Please return the lines below verbatim, beginning at the one that has "Y1, Y2: 12M; CRYSTAL-TXC-7A" and stopping after the one that has "USB2.P$4 (GND4), USERLED.C", and add no other lines.

- _GIVEN DATA_
^^^^

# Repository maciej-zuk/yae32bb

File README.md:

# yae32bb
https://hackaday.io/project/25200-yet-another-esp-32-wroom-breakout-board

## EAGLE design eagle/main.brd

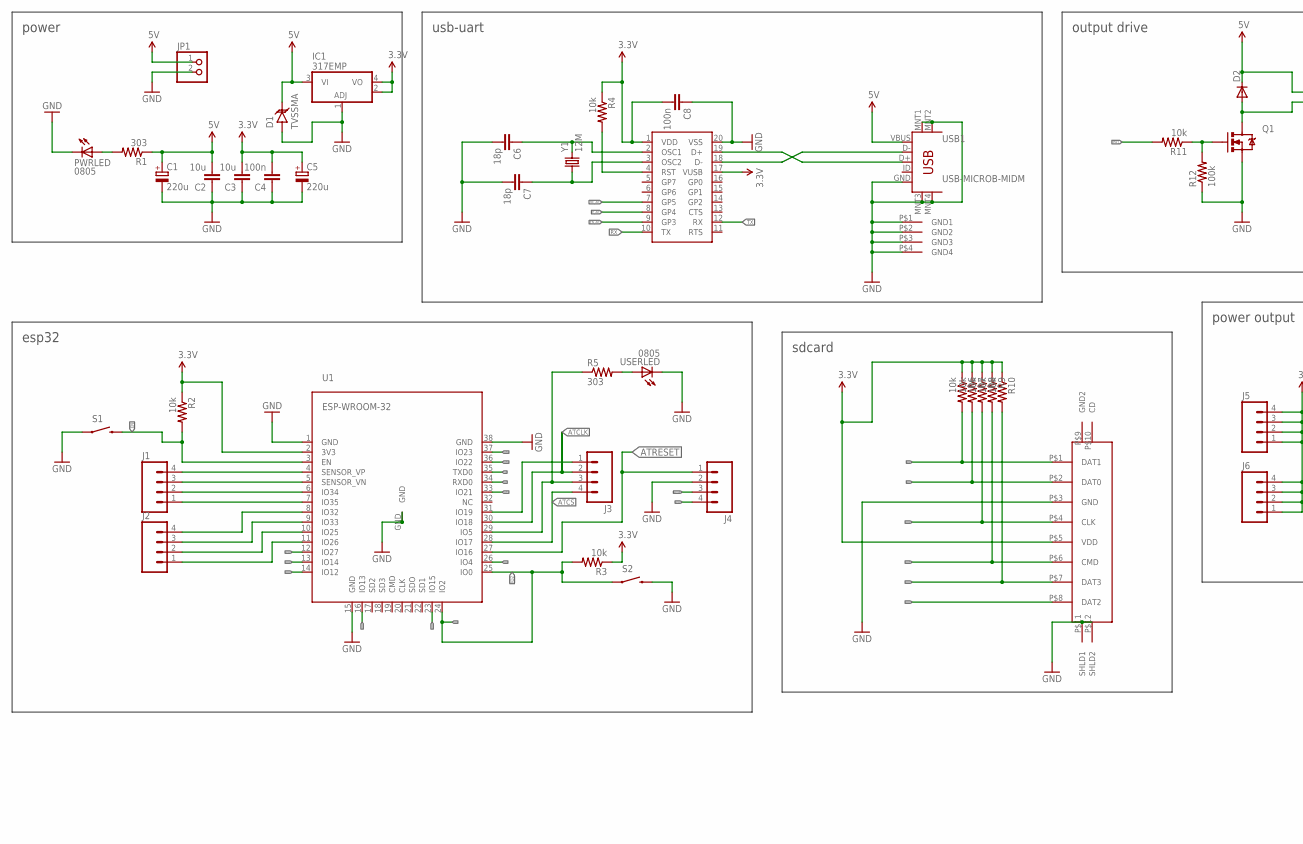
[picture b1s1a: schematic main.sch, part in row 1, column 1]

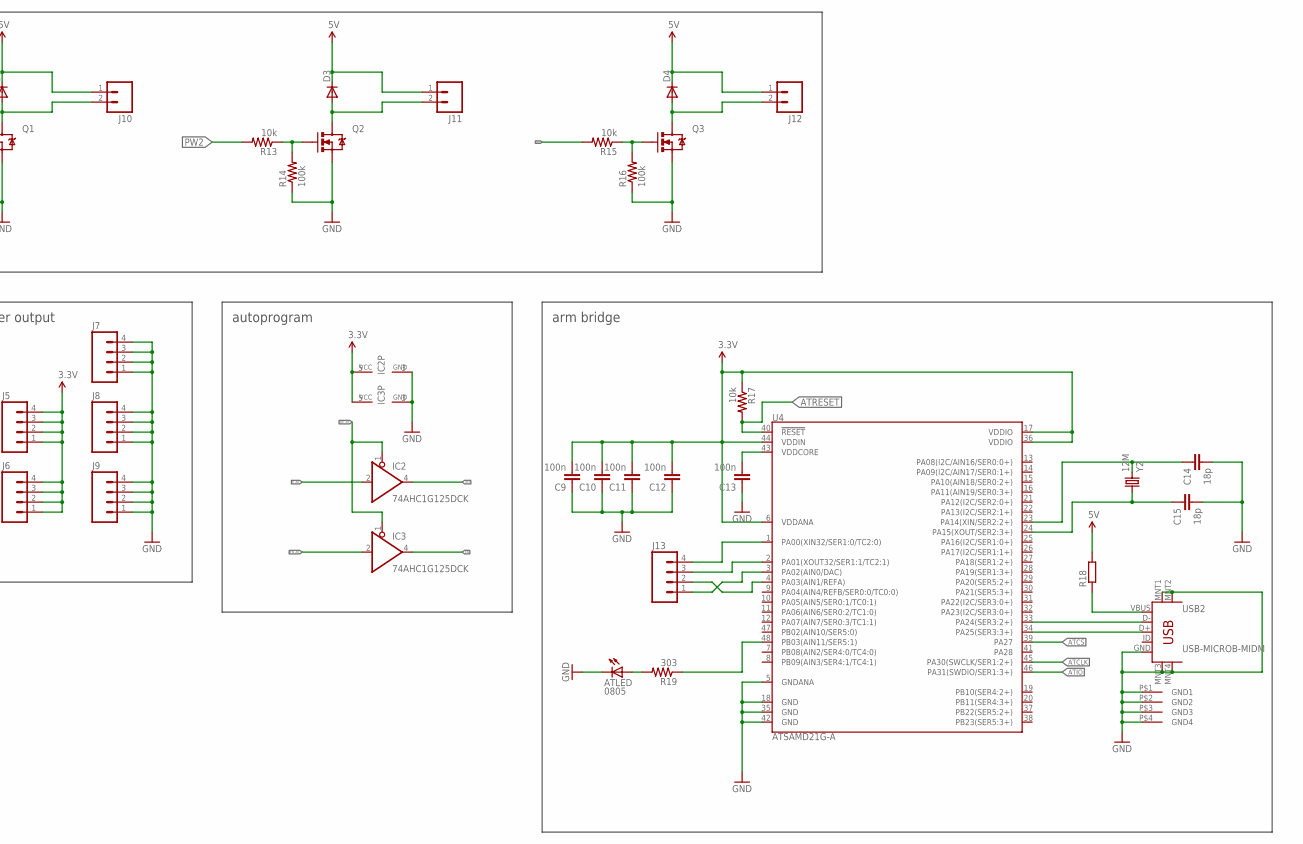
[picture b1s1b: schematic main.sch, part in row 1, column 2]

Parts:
ATLED: 0805; SML0805
C1, C5: 220u; E2-4
C2, C3: 10u; 0805
C4, C8: 100n; 0603-CAP
C6, C7, C14, C15: 18p; 0603-CAP
C9, C10, C11, C12, C13: 100n; C0603K
D1: TVSSMA; SMA-DIODE
D2, D3, D4: DIODE-SOD323-W; SOD323-W
IC1: 317EMP; SOT223
IC2, IC3: 74AHC1G125DCK; SC70-5
J1, J2, J5, J6, J7, J8, J9: M04LONGPADS; 1X04_LONGPADS
J3, J4, J13: M041.27MM; 1X04-1.27MM
J10, J11, J12: M02LOCK_LONGPADS; 1X02_LOCK_LONGPADS
JP1: PINHD-1X2; 1X02
PWRLED: 0805; SML0805
Q1, Q2, Q3: MOSFET-NCHANNELBSS138; SOT23-3
R1, R5, R19: 303; 0805
R2, R3, R4, R6, R7, R8, R9, R10, R11, R13, R15, R17: 10k; 0805
R12, R14, R16: 100k; 0805
R18: R-EU_R2010W; R2010W
S1, S2: SWITCH-MOMENTARY-2SMD; TACTILE-SWITCH-SMD
U1: ESP-WROOM-32
U2: MCP2200; SO20W
U3: MICROSD
U4: ATSAMD21G-A; TQFP-48
USB1, USB2: USB-MICROB-MIDM; USB-B-MICRO-MIDM
USERLED: 0805; SML0805
Y1, Y2: 12M; CRYSTAL-TXC-7A

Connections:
3.3V: C3.2, C4.2, C5.+, C8.2, C9.2, C10.2, C11.2, C12.2, IC1.2 (VO2), IC1.4 (VO), IC2.5 (VCC), IC3.5 (VCC), J5.1, J5.2, J5.3, J5.4, J6.1, J6.2, J6.3, J6.4, R2.1, R3.1, R4.1, R6.1, R7.1, R8.1, R9.1, R10.1, R17.1, U1.2 (3V3), U2.1 (VDD), U2.17 (VUSB), U3.P$5 (VDD), U4.6 (VDDANA), U4.17 (VDDIO), U4.36 (VDDIO), U4.44 (VDDIN)
5V: C1.+, C2.2, D1.C, D2.C, D3.C, D4.C, IC1.3 (VI), J10.1, J11.1, J12.1, JP1.1, R1.1, R18.2, USB1.VBUS
ATCLK: J3.2, J4.3, U1.30 (IO18), U4.45 (PA30(SWCLK/SER1:2+))
ATCS: J3.4, U1.28 (IO17), U4.39 (PA27)
ATIO: J4.4, U1.12 (IO27), U4.46 (PA31(SWDIO/SER1:3+))
ATRESET: J4.1, R17.2, U1.27 (IO16), U4.40 (!RESET!)
D+: U2.19 (D+), USB1.D+
D-: U2.18 (D-), USB1.D-
EN: IC3.4 (O), R2.2, S1.3 (2), U1.3 (EN)
EN_AP: IC3.2 (I), U2.9 (GP3)
GND: ATLED.C, C1.-, C2.1, C3.1, C4.1, C5.-, C6.2, C7.2, C8.1, C9.1, C10.1, C11.1, C12.1, C13.1, C14.2, C15.2, D1.A, IC1.1 (ADJ), IC2.3 (GND), IC3.3 (GND), J4.2, J7.1, J7.2, J7.3, J7.4, J8.1, J8.2, J8.3, J8.4, J9.1, J9.2, J9.3, J9.4, JP1.2, PWRLED.C, Q1.2 (S), Q2.2 (S), Q3.2 (S), R12.1, R14.1, R16.1, S1.1, S2.3 (2), U1.1 (GND), U1.15 (GND), U1.38 (GND), U1.GND, U2.20 (VSS), U3.P$3 (GND), U3.P$11 (SHLD1), U3.P$12 (SHLD2), U4.5 (GNDANA), U4.18 (GND), U4.35 (GND), U4.42 (GND), USB1.GND, USB1.MNT1 (MTN1), USB1.MNT2 (MTN2), USB1.MNT3 (MTN3), USB1.MNT4 (MTN4), USB1.P$1 (GND1), USB1.P$2 (GND2), USB1.P$3 (GND3), USB1.P$4 (GND4), USB2.GND, USB2.MNT1 (MTN1), USB2.MNT2 (MTN2), USB2.MNT3 (MTN3), USB2.MNT4 (MTN4), USB2.P$1 (GND1), USB2.P$2 (GND2), USB2.P$3 (GND3), USB2.P$4 (GND4), USERLED.C
IO2: IC2.4 (O), R3.2, R7.2, S2.1, U1.24 (IO2), U1.25 (IO0), U3.P$2 (DAT0)
IO4: R6.2, U1.26 (IO4), U3.P$1 (DAT1)
IO12: U1.14 (IO12), U3.P$8 (DAT2)
IO13: R10.2, U1.16 (IO13), U3.P$7 (DAT3)
IO14: R8.2, U1.13 (IO14), U3.P$4 (CLK)
IO15: R9.2, U1.23 (IO15), U3.P$6 (CMD)
unnamed: J3.1, U1.31 (IO19)
unnamed: R19.1, U4.48 (PB03(AIN11/SER5:1))
unnamed: R5.2, USERLED.A
unnamed: ATLED.A, R19.2
unnamed: J3.3, R5.1, U1.29 (IO5)
unnamed: J13.4, U4.1 (PA00(XIN32/SER1:0/TC2:0))
unnamed: PWRLED.A, R1.2
unnamed: J13.3, U4.2 (PA01(XOUT32/SER1:1/TC2:1))
unnamed: C13.2, U4.43 (VDDCORE)
unnamed: U4.33 (PA24(SER3:2+)), USB2.D-
unnamed: U4.34 (PA25(SER3:3+)), USB2.D+
unnamed: R18.1, USB2.VBUS
unnamed: J13.1, U4.3 (PA02(AIN0/DAC))
unnamed: J13.2, U4.4 (PA03(AIN1/REFA))
unnamed: D2.A, J10.2, Q1.3 (D)
unnamed: D3.A, J11.2, Q2.3 (D)
unnamed: Q2.1 (G), R13.1, R14.2
unnamed: R4.2, U2.4 (RST)
unnamed: C15.1, U4.24 (PA15(XOUT/SER2:3+)), Y2.P$1 (1)
unnamed: Q1.1 (G), R11.1, R12.2
unnamed: C6.1, U2.2 (OSC1), Y1.P$2 (2)
unnamed: C7.1, U2.3 (OSC2), Y1.P$1 (1)
unnamed: J1.4, U1.4 (SENSOR_VP)
unnamed: J1.3, U1.5 (SENSOR_VN)
unnamed: J1.2, U1.6 (IO34)
unnamed: J1.1, U1.7 (IO35)
unnamed: J2.4, U1.8 (IO32)
unnamed: J2.3, U1.9 (IO33)
unnamed: J2.2, U1.10 (IO25)
unnamed: J2.1, U1.11 (IO26)
unnamed: D4.A, J12.2, Q3.3 (D)
unnamed: Q3.1 (G), R15.1, R16.2
unnamed: C14.1, U4.23 (PA14(XIN/SER2:2+)), Y2.P$2 (2)
OE_AP: IC2.1 (OE), IC3.1 (OE), U2.7 (GP5)
PW1: R11.2, U1.37 (IO23)
PW2: R13.2, U1.36 (IO22)
PW3: R15.2, U1.33 (IO21)
P_AP: IC2.2 (I), U2.8 (GP4)
RX: U1.34 (RXD0), U2.10 (TX)
TX: U1.35 (TXD0), U2.12 (RX)

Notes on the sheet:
power
autoprogram
power output
sdcard
output drive
usb-uart
esp32
arm bridge

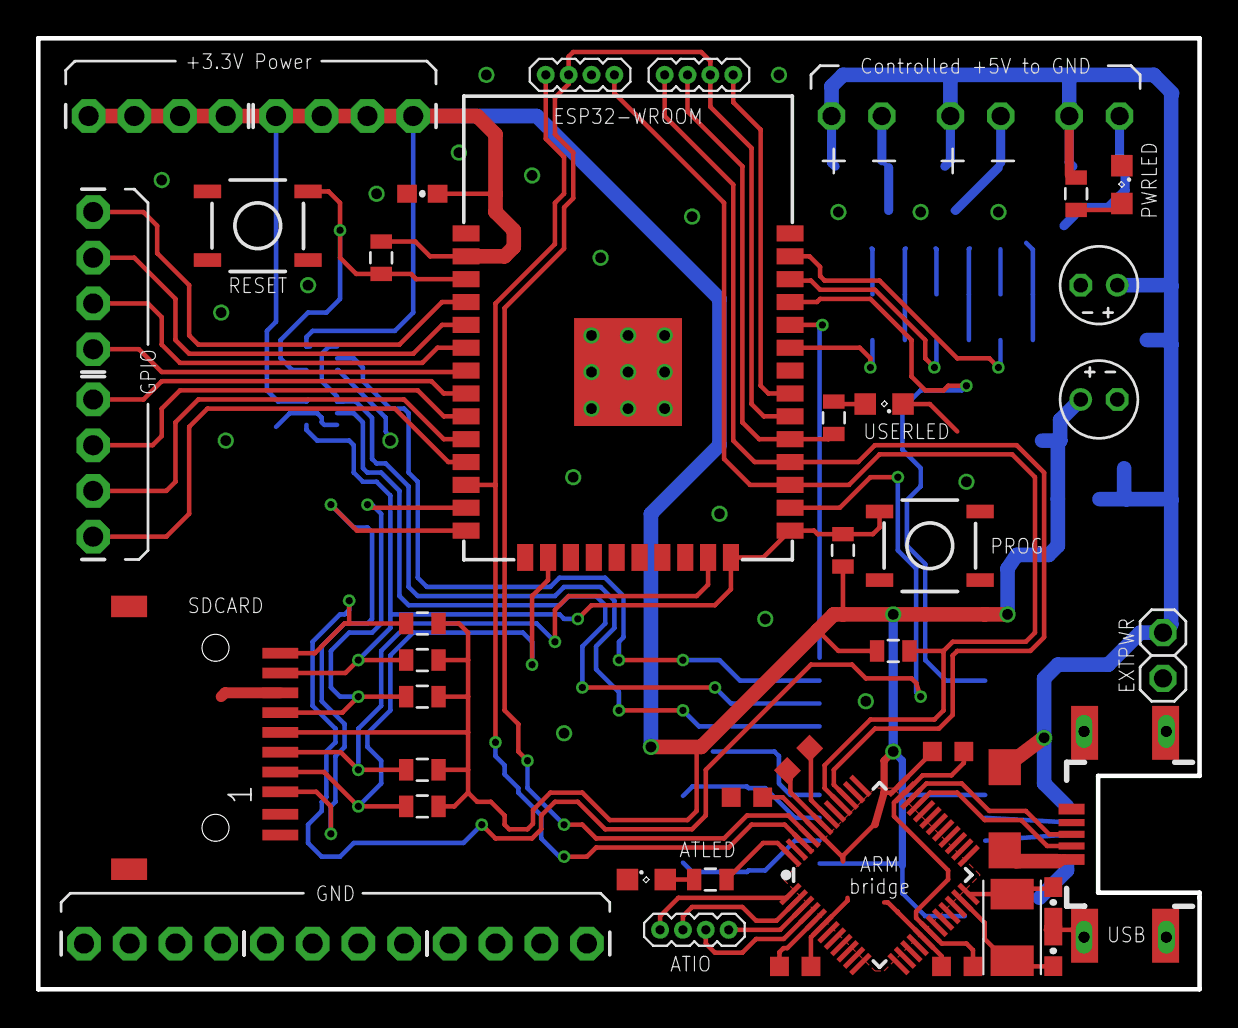
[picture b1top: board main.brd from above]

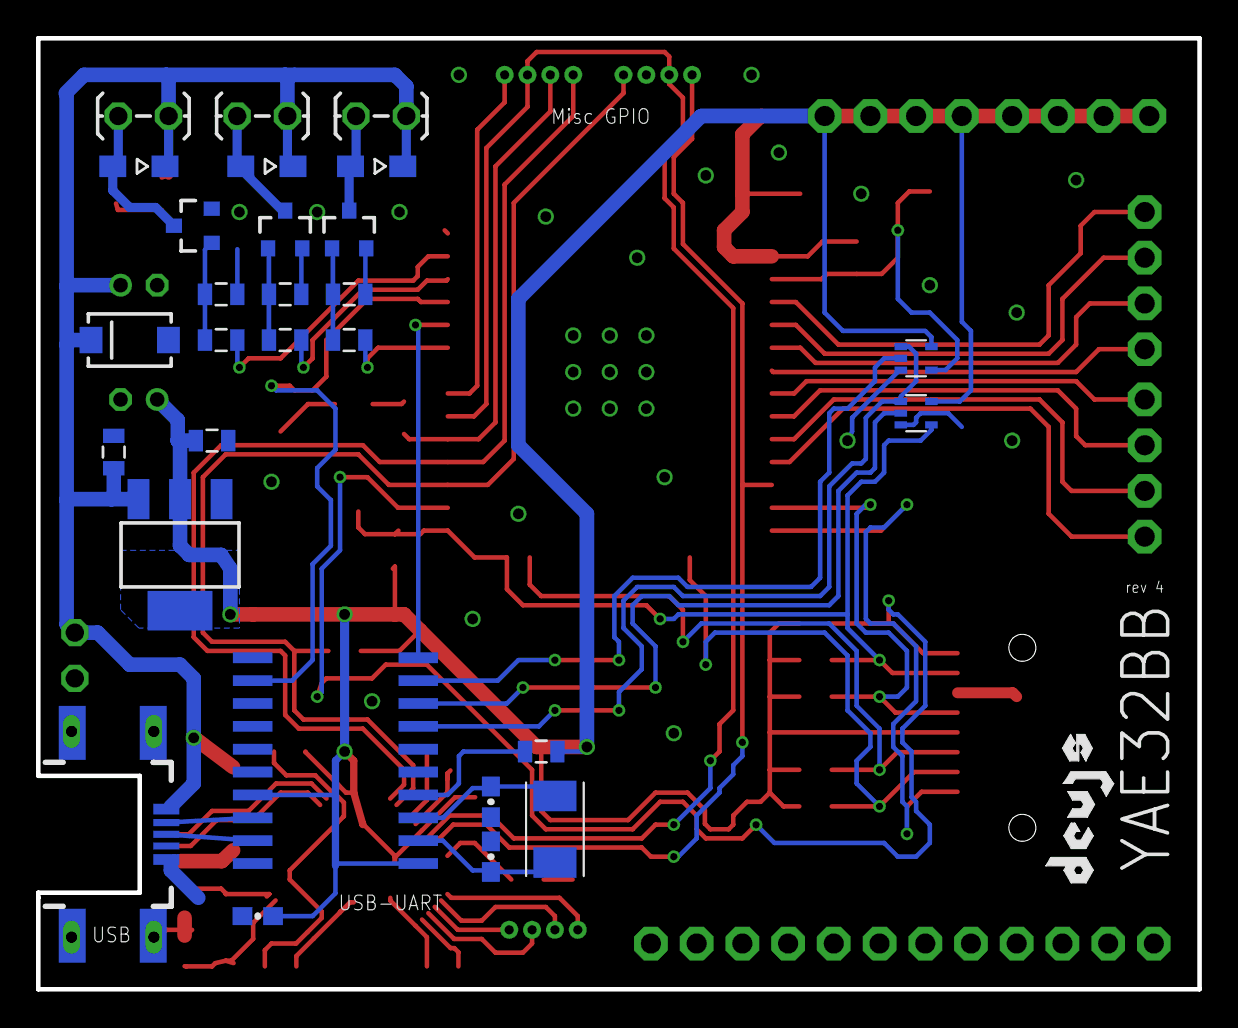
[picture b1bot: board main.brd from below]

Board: 2 copper layers, 64.5 x 52.8 mm, 72 parts (29 on the bottom side), 57 nets.

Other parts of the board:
U$2: DEVJS

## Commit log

2017-06-02 board schematics
2017-07-04 rev4

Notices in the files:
parts and their libraries:
SparkFun-Capacitors: Licensing: Creative Commons ShareAlike 4.0 International - https://creativecommons.org/licenses/by-sa/4.0

^^^^

- _RESPONSE TO THIS EXERCISE_
Y1, Y2: 12M; CRYSTAL-TXC-7A

Connections:
3.3V: C3.2, C4.2, C5.+, C8.2, C9.2, C10.2, C11.2, C12.2, IC1.2 (VO2), IC1.4 (VO), IC2.5 (VCC), IC3.5 (VCC), J5.1, J5.2, J5.3, J5.4, J6.1, J6.2, J6.3, J6.4, R2.1, R3.1, R4.1, R6.1, R7.1, R8.1, R9.1, R10.1, R17.1, U1.2 (3V3), U2.1 (VDD), U2.17 (VUSB), U3.P$5 (VDD), U4.6 (VDDANA), U4.17 (VDDIO), U4.36 (VDDIO), U4.44 (VDDIN)
5V: C1.+, C2.2, D1.C, D2.C, D3.C, D4.C, IC1.3 (VI), J10.1, J11.1, J12.1, JP1.1, R1.1, R18.2, USB1.VBUS
ATCLK: J3.2, J4.3, U1.30 (IO18), U4.45 (PA30(SWCLK/SER1:2+))
ATCS: J3.4, U1.28 (IO17), U4.39 (PA27)
ATIO: J4.4, U1.12 (IO27), U4.46 (PA31(SWDIO/SER1:3+))
ATRESET: J4.1, R17.2, U1.27 (IO16), U4.40 (!RESET!)
D+: U2.19 (D+), USB1.D+
D-: U2.18 (D-), USB1.D-
EN: IC3.4 (O), R2.2, S1.3 (2), U1.3 (EN)
EN_AP: IC3.2 (I), U2.9 (GP3)
GND: ATLED.C, C1.-, C2.1, C3.1, C4.1, C5.-, C6.2, C7.2, C8.1, C9.1, C10.1, C11.1, C12.1, C13.1, C14.2, C15.2, D1.A, IC1.1 (ADJ), IC2.3 (GND), IC3.3 (GND), J4.2, J7.1, J7.2, J7.3, J7.4, J8.1, J8.2, J8.3, J8.4, J9.1, J9.2, J9.3, J9.4, JP1.2, PWRLED.C, Q1.2 (S), Q2.2 (S), Q3.2 (S), R12.1, R14.1, R16.1, S1.1, S2.3 (2), U1.1 (GND), U1.15 (GND), U1.38 (GND), U1.GND, U2.20 (VSS), U3.P$3 (GND), U3.P$11 (SHLD1), U3.P$12 (SHLD2), U4.5 (GNDANA), U4.18 (GND), U4.35 (GND), U4.42 (GND), USB1.GND, USB1.MNT1 (MTN1), USB1.MNT2 (MTN2), USB1.MNT3 (MTN3), USB1.MNT4 (MTN4), USB1.P$1 (GND1), USB1.P$2 (GND2), USB1.P$3 (GND3), USB1.P$4 (GND4), USB2.GND, USB2.MNT1 (MTN1), USB2.MNT2 (MTN2), USB2.MNT3 (MTN3), USB2.MNT4 (MTN4), USB2.P$1 (GND1), USB2.P$2 (GND2), USB2.P$3 (GND3), USB2.P$4 (GND4), USERLED.C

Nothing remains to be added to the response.